**Your instructions:** Give back, character for character, the line that includes "line L36 (2.405, -87.773)" and all lines beneath it in the data.

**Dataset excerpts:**
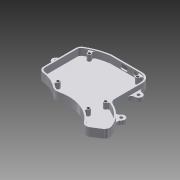
# Autodesk Inventor part: 20keyCaseLeft
Saved by Autodesk Inventor 2015 SP2 (Build 190223200, 223)
## iProperties
Created: 2015-12-14
Part Number: 20keyCaseLeft
Material: Aluminum 6061
Document SubType Name: Modeling
Designer: Josh
Density: 2.7 g/cm^3
Appearance: Aluminum - Flat
Author: Josh
Autodesk Inventor part; units mm, degrees
ref_plane "YZ Plane" through (0, 0, 0) normal (1, 0, 0) x (0, 1, 0)
ref_plane "XZ Plane" through (0, 0, 0) normal (0, 1, 0) x (-1, 0, 0)
ref_plane "XY Plane" through (0, 0, 0) normal (0, 0, 1) x (1, 0, 0)
sketch "Sketch1" plane through (0, 0, 0) normal (0, 0, 1) x (1, 0, 0)
  arc A0 (-26.3659, 13.35) -> (-32.6845, 7.6302) centre (-26.3659, 7) ccw projected
  arc A1 (-45.4912, -23.2226) -> (-32.6845, 7.6302) centre (-90.0314, 13.35) ccw projected
  arc A2 (-45.4912, -23.2226) -> (-48.0197, -34.2694) centre (-35.6761, -31.2819) ccw projected
  arc A3 (-72.5516, -103.5035) -> (-48.0197, -34.2694) centre (-113.3553, -50.0821) ccw projected
  arc A4 (-72.5516, -103.5035) -> (-74.0573, -111.9543) centre (-68.6971, -108.5498) ccw projected
  line L0 (-65.6044, -125.263) -> (-74.0573, -111.9543) projected
  arc A5 (-65.6044, -125.263) -> (-58.0785, -127.8278) centre (-60.2442, -121.8585) ccw projected
  arc A6 (-58.0785, -127.8278) -> (-25.4201, -97.1726) centre (-77.431, -74.4869) ccw projected
  arc A7 (-13.7792, -89.55) -> (-25.4201, -97.1726) centre (-13.7792, -102.25) ccw projected
  line L1 (46.6875, -50.0383) -> (46.6875, -25.2034)
  arc A8 (46.6208, -24.2852) -> (34.3306, 10.2569) centre (-46.1813, -37.8469) ccw projected
  arc A9 (34.3306, 10.2569) -> (28.8795, 13.35) centre (28.8795, 7) ccw projected
  line L2 (28.8795, 13.35) -> (-26.3659, 13.35) projected
  arc A10 (46.6875, -25.2034) -> (46.6208, -24.2852) centre (40.3375, -25.2034) ccw projected
  arc A11 (46.6875, -50.0383) -> (46.6913, -50.258) centre (53.0375, -50.0383) ccw projected
  arc A12 (37.0562, 11.8854) -> (28.8795, 16.525) centre (28.8795, 7) ccw
  arc A13 (49.7624, -23.8261) -> (37.0562, 11.8854) centre (-46.1813, -37.8469) ccw
  arc A14 (33.9875, -92.725) -> (49.8625, -76.85) centre (33.9875, -76.85) ccw
  arc A15 (-13.7792, -92.725) -> (-22.5099, -98.4419) centre (-13.7792, -102.25) ccw
  arc A16 (-56.9956, -130.8124) -> (-22.5099, -98.4419) centre (-77.431, -74.4869) ccw
  arc A17 (-68.2845, -126.9653) -> (-56.9956, -130.8124) centre (-60.2442, -121.8585) ccw
  arc A18 (-74.4788, -100.9803) -> (-76.7374, -113.6566) centre (-68.6971, -108.5498) ccw
  arc A19 (-74.4788, -100.9803) -> (-51.1056, -35.0162) centre (-113.3553, -50.0821) ccw
  arc A20 (-47.945, -21.2077) -> (-51.1056, -35.0162) centre (-35.6761, -31.2819) ccw
  arc A21 (-47.945, -21.2077) -> (-35.8439, 7.9453) centre (-90.0314, 13.35) ccw
  arc A22 (-26.3659, 16.525) -> (-35.8439, 7.9453) centre (-26.3659, 7) ccw
  line L3 (28.8795, 7) -> (41.1547, 14.3341)
  line L4 (28.8795, 7) -> (28.8795, 19.5487)
  line L5 (40.3375, -25.2034) -> (57.4912, -22.6966)
  line L6 (33.9875, -76.85) -> (54.188, -76.85)
  line L7 (33.9875, -76.85) -> (33.9875, -96.0222)
  line L8 (-13.7792, -102.25) -> (-13.7792, -82.4784)
  line L9 (-13.7792, -102.25) -> (-30.7157, -94.8628)
  line L10 (-60.2442, -121.8585) -> (-56.2126, -132.9705)
  line L11 (-60.2442, -121.8585) -> (-70.3002, -128.2456)
  line L12 (-68.6971, -108.5498) -> (-79.7497, -115.5698)
  line L13 (-68.6971, -108.5498) -> (-76.044, -98.9311)
  line L14 (-35.6761, -31.2819) -> (-55.7588, -36.1424)
  line L15 (-35.6761, -31.2819) -> (-51.2441, -18.4988)
  line L16 (-26.3659, 7) -> (-37.5753, 8.118)
  line L17 (-26.3659, 7) -> (-26.3659, 19.0257)
  line L18 (-68.2845, -126.9653) -> (-76.7374, -113.6566)
  line L19 (28.8795, 16.525) -> (-26.3659, 16.525)
  line L20 (33.9875, -92.725) -> (-13.7792, -92.725)
  arc A23 (49.8625, -25.2034) -> (49.7624, -23.8261) centre (40.3375, -25.2034) ccw
  line L21 (40.3375, -25.2034) -> (58.5046, -25.2034)
  line L22 (49.8625, -25.2034) -> (49.8625, -76.85)
  circle A24 centre (-12.1917, -91.1375) radius 1.5875
  line L23 (46.6875, -76.85) -> (46.6875, -25.2034) projected
  arc A25 (33.9875, -89.55) -> (46.6875, -76.85) centre (33.9875, -76.85) ccw projected
  line L24 (-13.7792, -89.55) -> (33.9875, -89.55)
  point P0 (0, 0)
  point P1 (46.6708, -24.7431)
  dimension "d2" = 3.175
  constraints: 44 end point, 32 point on line, 25 point on circle, 13 centre point, 8 concentric, 4 coincident, 3 parallel, 3 tangent
  measures "d2" diameter of A24
extrude "Extrusion1" add sketch "Sketch1" against normal blind 14.2875 contours L17 L16 A0 | L17 L19 L4 L2 | L2 L4 L3 A8 L5 L21 L1 L23 L6 L7 L24 A7 A6 L10 L11 L0 L12 L13 A3 L14 L15 A1 L16 L17 | A0 L16 A22 L17 | A1 L15 A21 L16 | L4 A12 L3 A9 | A9 L3 L4 | L15 L14 A2 | A2 L14 A20 L15 | L3 A13 L5 A8 | A3 L13 A19 L14 | L5 A23 L21 A10 | A10 L21 L5 | L13 L12 A4 | A4 L12 A18 L13 | L21 L22 L6 L23 L1 | L0 L11 L18 L12 | L11 L10 A5 | A5 L10 A17 L11 | A25 L7 L6 | L6 A14 L7 A25 | A6 L9 A16 L10 | L7 L20 A24 L24 | A7 L8 A15 L9 | A24 | A24 L8 L24 | L20 L8 A24
shell "Shell1" thickness 2.54 removed faces 1 at (-4.4642, -54.4609, 0)
sketch "Sketch3" plane through (0, 0, -14.2875) normal (0, 0, -1) x (-1, 0, 0)
  arc A0 (5.0932, 22.875) -> (11.4432, 16.525) centre (11.4432, 22.875) ccw projected
  circle A1 centre (-1.2568, 22.875) radius 6.35 projected
  circle A2 centre (-1.2568, 22.875) radius 2.5527
  arc A3 (-13.9568, 16.525) -> (-7.6068, 22.875) centre (-13.9568, 22.875) ccw projected
  line L0 (26.3659, 16.525) -> (-28.8795, 16.525) projected
  circle A4 centre (-21.2875, -99.075) radius 6.35 projected
  arc A5 (-8.5875, -92.725) -> (-14.9375, -99.075) centre (-8.5875, -99.075) ccw projected
  circle A6 centre (-21.2875, -99.075) radius 2.5527
  arc A7 (-27.6375, -99.075) -> (-33.9875, -92.725) centre (-33.9875, -99.075) ccw projected
  arc A8 (23.8454, -112.954) -> (25.6319, -104.6038) centre (20.1423, -107.7955) ccw projected
  circle A9 centre (27.5485, -118.1124) radius 6.35 projected
  circle A10 centre (27.5485, -118.1124) radius 2.5527
  arc A11 (40.6814, -121.8117) -> (32.1676, -122.4697) centre (36.7867, -126.8271) ccw projected
  arc A12 (22.5099, -98.4419) -> (56.9956, -130.8124) centre (77.431, -74.4869) ccw projected
  line L1 (-33.9875, -92.725) -> (13.7792, -92.725) projected
  arc A13 (5.0932, 22.875) -> (11.4432, 16.525) centre (11.4432, 22.875) ccw
  line L2 (-28.8795, 16.525) -> (26.3659, 16.525) projected
  arc A14 (-1.2568, 16.525) -> (5.0932, 22.875) centre (-1.2568, 22.875) ccw
  arc A15 (-13.9568, 16.525) -> (-7.6068, 22.875) centre (-13.9568, 22.875) ccw
  arc A16 (-7.6068, 22.875) -> (-1.2568, 16.525) centre (-1.2568, 22.875) ccw
  line L3 (11.4432, 16.525) -> (-13.9568, 16.525)
  line L4 (-1.2568, 16.525) -> (11.4432, 16.525)
  line L5 (-1.2568, 16.525) -> (-13.9568, 16.525)
  arc A17 (23.8454, -112.954) -> (25.6319, -104.6038) centre (20.1423, -107.7955) ccw
  arc A18 (40.6814, -121.8117) -> (32.1676, -122.4697) centre (36.7867, -126.8271) ccw
  arc A19 (32.1676, -122.4697) -> (32.3284, -113.9321) centre (27.5485, -118.1124) ccw
  arc A20 (32.3284, -113.9321) -> (23.8454, -112.954) centre (27.5485, -118.1124) ccw
  arc A21 (25.6319, -104.6038) -> (32.3284, -113.9321) centre (77.431, -74.4869) ccw
  arc A22 (32.3284, -113.9321) -> (40.6814, -121.8117) centre (77.431, -74.4869) ccw
  circle A23 centre (-1.2568, 22.875) radius 2.5527 projected
  circle A24 centre (-21.2875, -99.075) radius 2.5527 projected
  circle A25 centre (27.5485, -118.1124) radius 2.5527 projected
  point P0 (0, 0)
  constraints: 22 point on circle, 13 centre point, 11 concentric, 6 end point, 3 equal radius, 1 collinear, 1 horizontal alignment, 1 midpoint, 2 other
extrude "Extrusion3" add sketch "Sketch3" against normal blind 6.35
sketch "Sketch4" plane through (-26.3659, 13.985, -11.7475) normal (0, 0, 1) x (1, 0, 0)
  circle A0 centre (67.4089, -91.6238) radius 3.175
  circle A1 centre (60.5565, -15.386) radius 3.175
  circle A2 centre (-7.6486, -29.7847) radius 3.175
  circle A3 centre (-21.5918, -95.9142) radius 3.175
  circle A4 centre (3.2457, -100.6477) radius 3.175
  arc A5 (60.3534, -103.535) -> (73.0534, -90.835) centre (60.3534, -90.835) ccw projected
  circle A6 centre (71.5012, -93.3593) radius 1.27
  circle A7 centre (71.7834, -90.835) radius 1.27
  line L0 (58.9596, -83.185) -> (46.1596, -97.185)
  line L1 (58.9596, -97.185) -> (46.1596, -83.185)
  line L2 (44.5596, -82.185) -> (60.5596, -82.185)
  line L3 (60.5596, -82.185) -> (60.5596, -98.185)
  line L4 (60.5596, -98.185) -> (44.5596, -98.185)
  line L5 (44.5596, -98.185) -> (44.5596, -82.185)
  line L6 (44.5596, -82.185) -> (60.5596, -98.185) construction
  line L7 (60.5596, -82.185) -> (44.5596, -98.185) construction
  line L8 (73.0534, -39.1884) -> (73.0534, -90.835) projected
  circle A8 centre (63.9115, -12.4702) radius 1.27
  circle A9 centre (64.9605, -14.7834) radius 1.27
  circle A10 centre (-10.8411, -26.6918) radius 1.27
  circle A11 centre (-12.0136, -28.945) radius 1.27
  circle A12 centre (4.346, -104.9544) radius 1.27
  circle A13 centre (6.5247, -103.6488) radius 1.27
  circle A14 centre (-24.8655, -92.9074) radius 1.27
  circle A15 centre (-25.9776, -95.191) radius 1.27
  arc A16 (72.9867, -38.2702) -> (60.6965, -3.7281) centre (-19.8154, -51.8319) ccw projected
  arc A17 (73.6884, -39.1884) -> (73.615, -38.1784) centre (66.7034, -39.1884) ccw projected
  arc A18 (73.0534, -39.1884) -> (72.9867, -38.2702) centre (66.7034, -39.1884) ccw projected
  arc A19 (-19.6161, -36.8046) -> (-22.271, -48.4038) centre (-9.3102, -45.2669) ccw projected
  arc A20 (-19.6161, -36.8046) -> (-6.9505, -6.2918) centre (-63.6656, -0.635) ccw projected
  arc A21 (-46.5711, -116.9838) -> (-22.271, -48.4038) centre (-86.9894, -64.0671) ccw projected
  arc A22 (12.5867, -104.17) -> (1.5278, -111.4114) centre (12.5867, -116.235) ccw projected
  line L9 (60.3534, -104.17) -> (12.5867, -104.17) projected
  arc A23 (12.5867, -103.535) -> (0.9458, -111.1576) centre (12.5867, -116.235) ccw projected
  arc A24 (-31.7126, -141.8128) -> (0.9458, -111.1576) centre (-51.0651, -88.4719) ccw projected
  line L10 (60.3534, -103.535) -> (12.5867, -103.535) projected
  arc A25 (-19.1253, -37.2076) -> (-6.3186, -6.3548) centre (-63.6656, -0.635) ccw projected
  arc A26 (-19.1253, -37.2076) -> (-21.6538, -48.2544) centre (-9.3102, -45.2669) ccw projected
  arc A27 (-46.1857, -117.4885) -> (-21.6538, -48.2544) centre (-86.9894, -64.0671) ccw projected
  line L11 (61.3409, -25.235) -> (60.5565, -15.386)
  line L12 (60.5565, -15.386) -> (52.4159, -20.985)
  line L13 (0.3159, -20.985) -> (-7.6486, -29.7847)
  line L14 (-7.6486, -29.7847) -> (-3.0271, -40.7168)
  line L15 (-15.4193, -96.3924) -> (-21.5918, -95.9142)
  line L16 (-21.5918, -95.9142) -> (-17.8788, -100.8682)
  line L17 (7.4596, -97.185) -> (3.2457, -100.6477)
  line L18 (3.2457, -100.6477) -> (-2.1974, -100.9949)
  line L19 (20.8596, -83.185) -> (8.0596, -97.185)
  line L20 (20.8596, -97.185) -> (8.0596, -83.185)
  line L21 (1.8384, -87.5758) -> (-14.8526, -96.5897)
  line L22 (-2.7641, -100.7976) -> (-10.2502, -83.3678)
  line L23 (-11.4325, -81.8974) -> (-16.6924, -97.0081)
  line L24 (-16.6924, -97.0081) -> (-1.5818, -102.2681)
  line L25 (-1.5818, -102.2681) -> (3.6782, -87.1574)
  line L26 (3.6782, -87.1574) -> (-11.4325, -81.8974)
  line L27 (-11.4325, -81.8974) -> (-1.5818, -102.2681) construction
  line L28 (-16.6924, -97.0081) -> (3.6782, -87.1574) construction
  line L29 (6.4596, -82.185) -> (6.4596, -98.185)
  line L30 (6.4596, -98.185) -> (22.4596, -98.185)
  line L31 (22.4596, -98.185) -> (22.4596, -82.185)
  line L32 (22.4596, -82.185) -> (6.4596, -82.185)
  line L33 (6.4596, -82.185) -> (22.4596, -98.185) construction
  line L34 (6.4596, -98.185) -> (22.4596, -82.185) construction
  line L35 (21.4596, -83.185) -> (21.4596, -97.185) projected
  line L36 (2.405, -87.773) -> (-2.1974, -100.9949) projected
  arc A28 (60.3534, -104.17) -> (73.6884, -90.835) centre (60.3534, -90.835) ccw projected
  line L37 (73.6884, -39.1884) -> (73.6884, -90.835) projected
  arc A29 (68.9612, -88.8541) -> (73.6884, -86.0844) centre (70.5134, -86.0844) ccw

**Result of the exercise:**
  line L36 (2.405, -87.773) -> (-2.1974, -100.9949) projected
  arc A28 (60.3534, -104.17) -> (73.6884, -90.835) centre (60.3534, -90.835) ccw projected
  line L37 (73.6884, -39.1884) -> (73.6884, -90.835) projected
  arc A29 (68.9612, -88.8541) -> (73.6884, -86.0844) centre (70.5134, -86.0844) ccw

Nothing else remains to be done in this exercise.